* _Directions for this task_
For the records below, please print exactly and only the lines from the one with "[diagram p0: Top Layer view]" down to the one with "## Board outline", both ends included, omitting the pictures.
<<<<
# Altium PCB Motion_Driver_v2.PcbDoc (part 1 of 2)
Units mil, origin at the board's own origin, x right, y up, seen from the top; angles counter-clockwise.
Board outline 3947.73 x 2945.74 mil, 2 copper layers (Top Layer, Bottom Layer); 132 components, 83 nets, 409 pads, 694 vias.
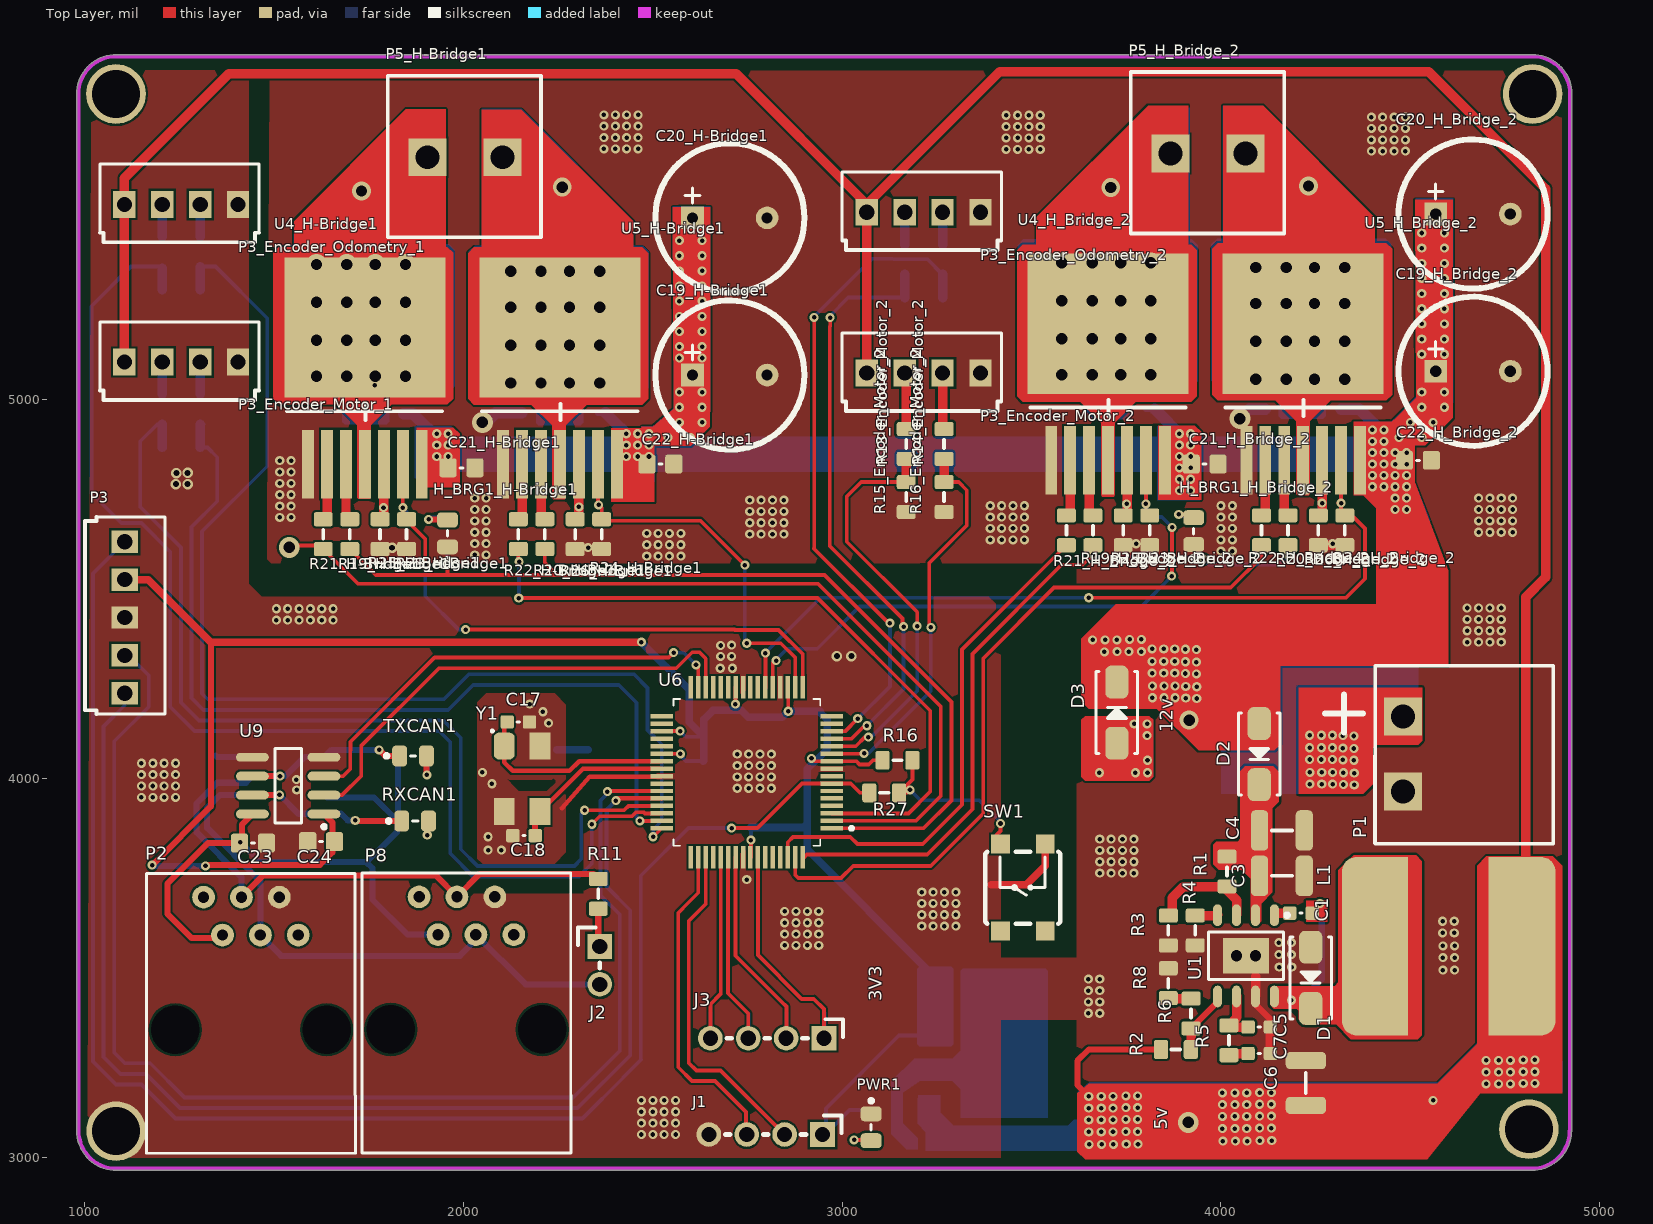
[diagram p0: Top Layer view]
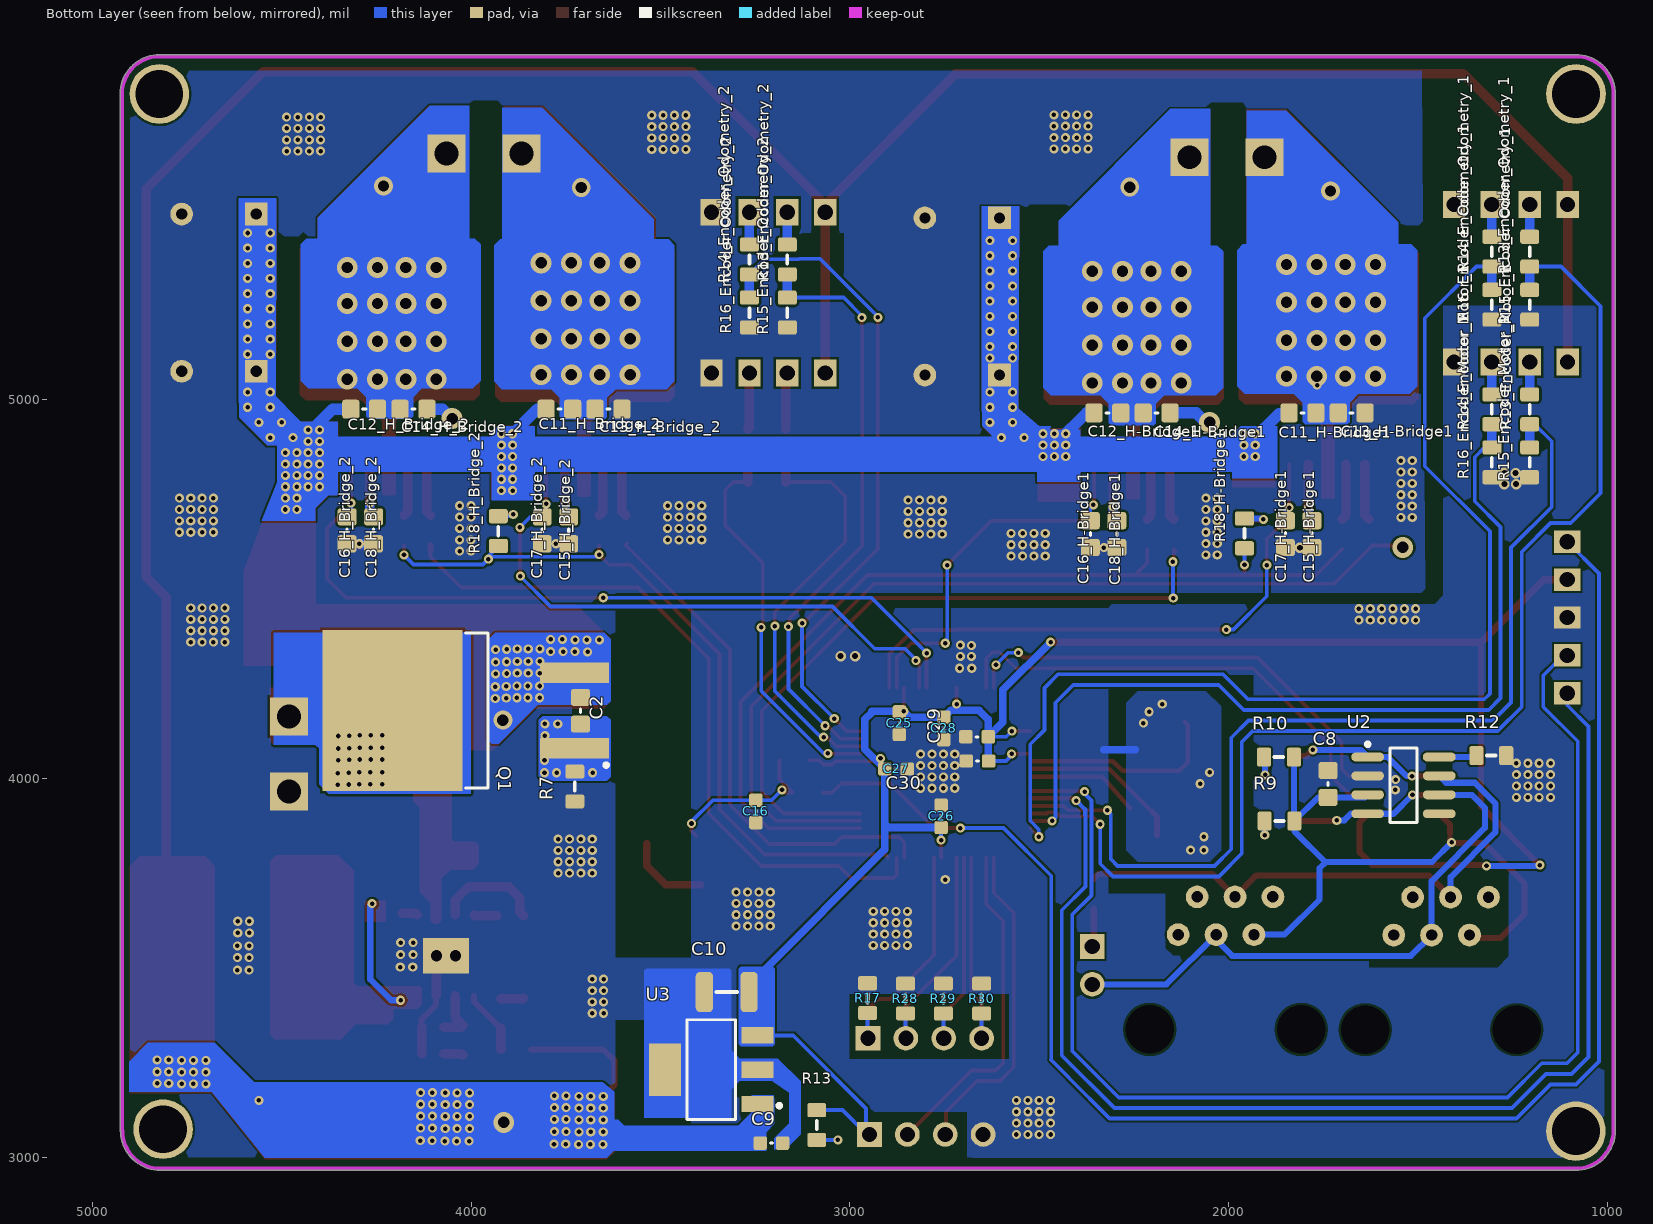
[diagram p1: Bottom Layer view, seen from below]
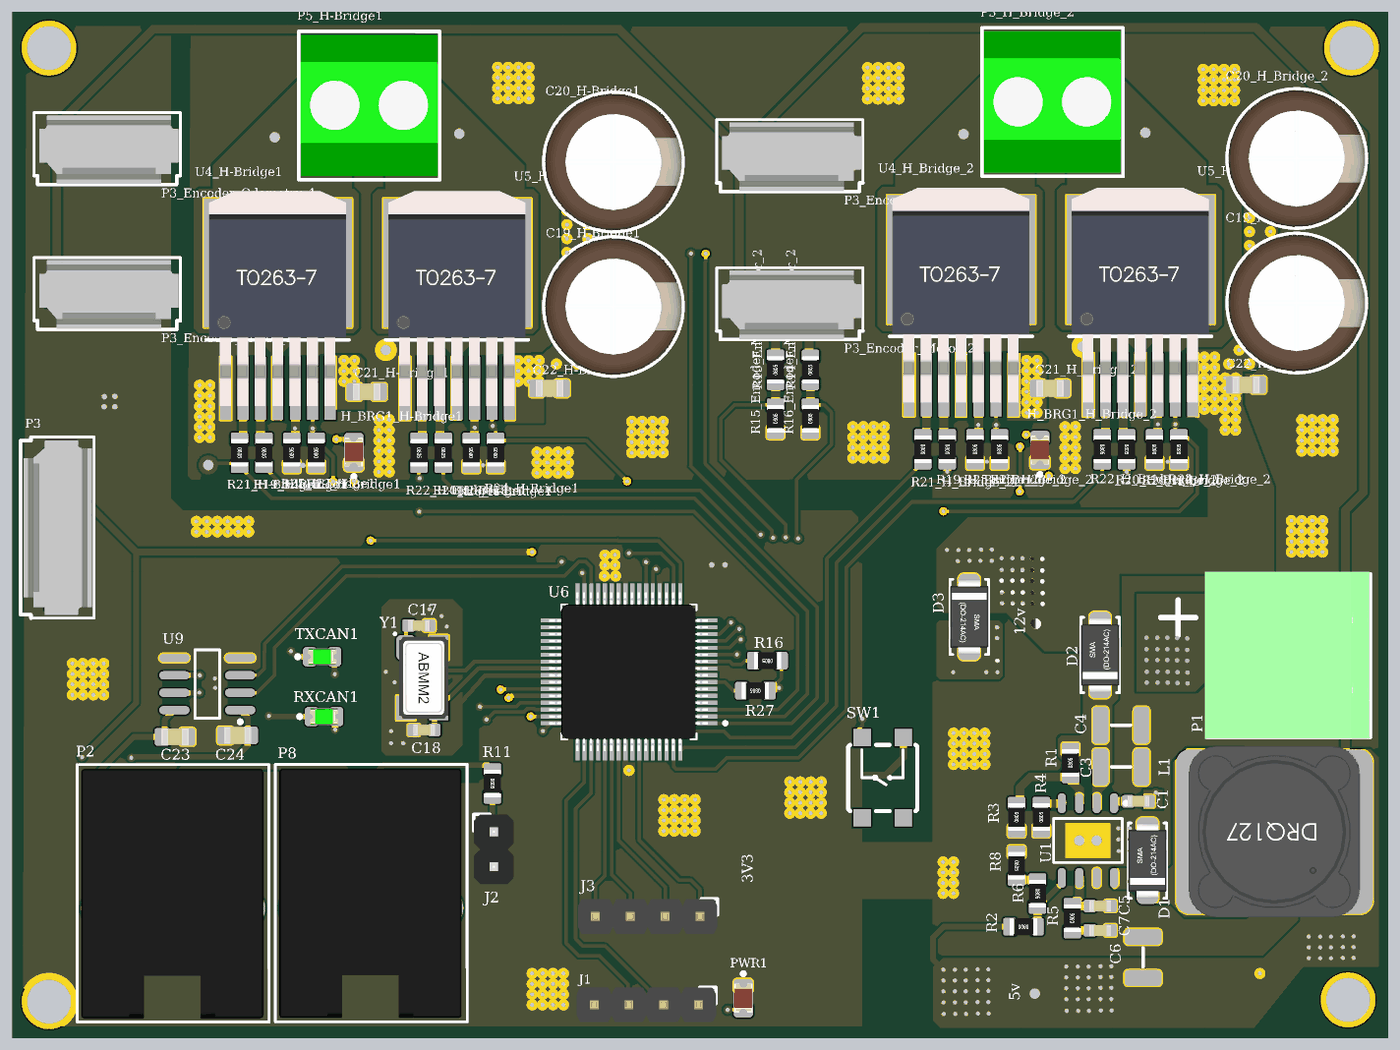
[diagram p3: 3D render of the assembled board from above, using the file's embedded part models]
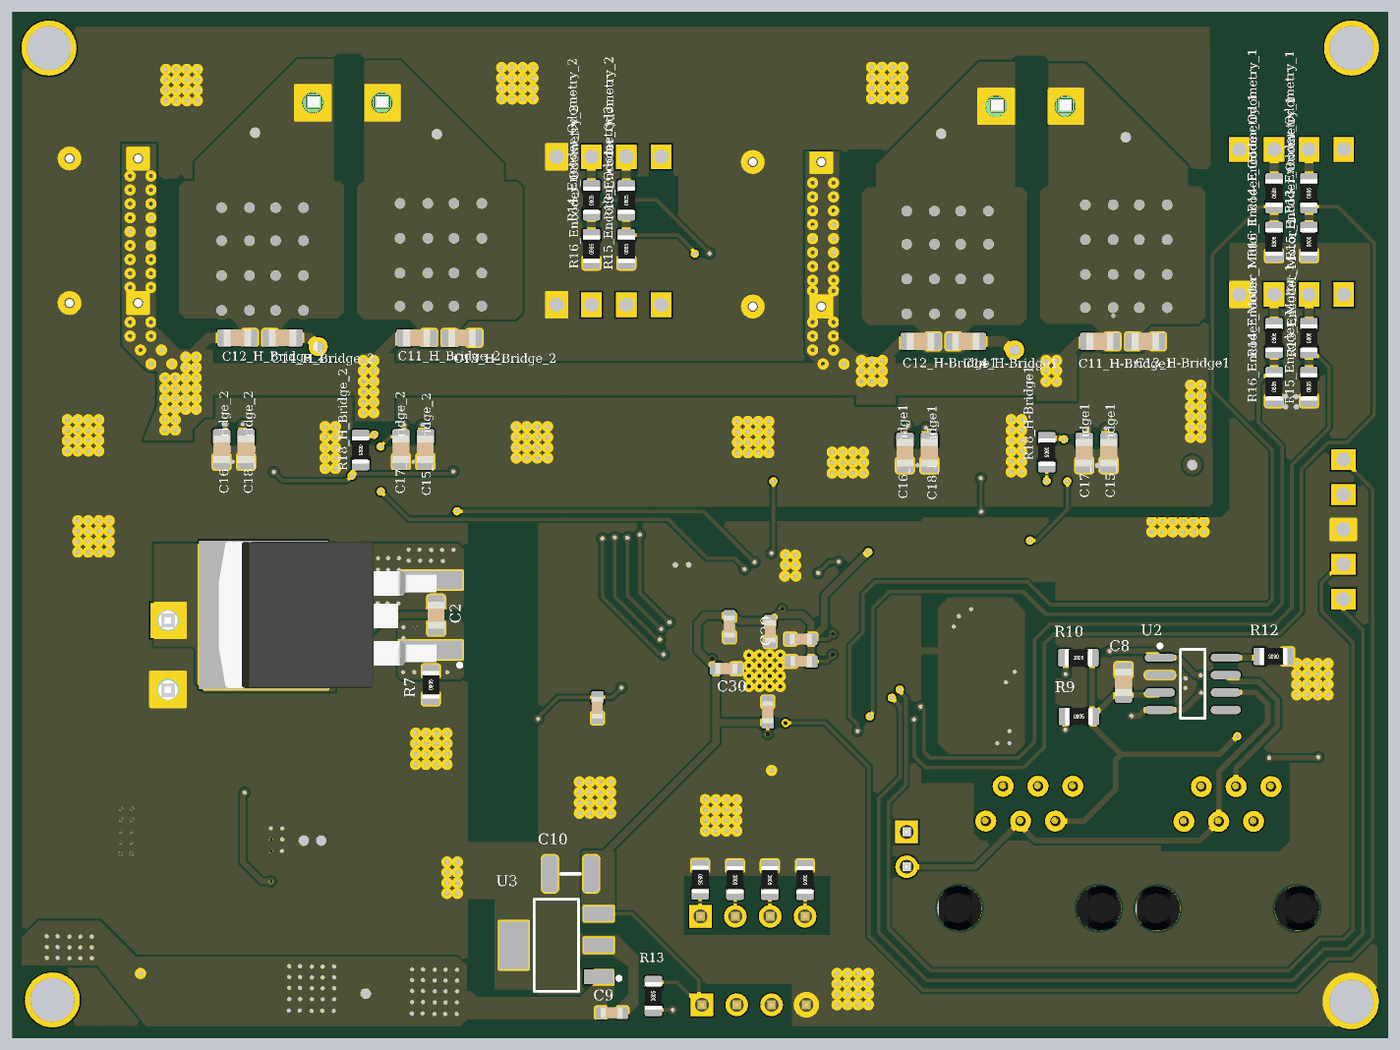
[diagram p4: 3D render of the assembled board from below, using the file's embedded part models]

## Layer stack, top to bottom
Top Solder: solder mask 0.4, Solder Resist, Dk 3.5
Top Layer: signal copper 1.4
Dielectric 1: dielectric 12.6, FR-4, Dk 4.8
Bottom Layer: signal copper 1.4
Bottom Solder: solder mask 0.4, Solder Resist, Dk 3.5

## Board outline
1083.89,2965.13 cw(c1083.01,3068.91) 979.24,3070.03 cw(c1083.01,3068.91) 979.24,3070.06 979.24,3070 979.24,5804.42 cw(c983.91,5806.25) 978.89,5806.21 cw(c1082.68,5807.09) 1083.82,5910.87 cw(c1083.77,5905.85) 1085.59,5910.53 4820.17,5910.53 cw(c4822,5905.86) 4821.95,5910.87 cw(c4822.83,5807.09) 4926.62,5807.09 cw(c4822.83,5807.09) 4926.62,5805.94 cw(c4921.6,5806) 4926.27,5804.18 4926.27,3070 cw(c4921.26,3070) 4924.99,3066.65 cw(c4821.23,3069.16) 4820.11,2965.38 cw(c4821.23,3069.16) 4820.09,2965.38 4820.14,2965.38 1085.41,2965.38 cw(c1083.85,2970.15)

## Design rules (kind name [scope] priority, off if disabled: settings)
>>>>
* _Exercise output_
[diagram p0: Top Layer view]
[diagram p1: Bottom Layer view, seen from below]
[diagram p3: 3D render of the assembled board from above, using the file's embedded part models]
[diagram p4: 3D render of the assembled board from below, using the file's embedded part models]

## Layer stack, top to bottom
Top Solder: solder mask 0.4, Solder Resist, Dk 3.5
Top Layer: signal copper 1.4
Dielectric 1: dielectric 12.6, FR-4, Dk 4.8
Bottom Layer: signal copper 1.4
Bottom Solder: solder mask 0.4, Solder Resist, Dk 3.5

## Board outline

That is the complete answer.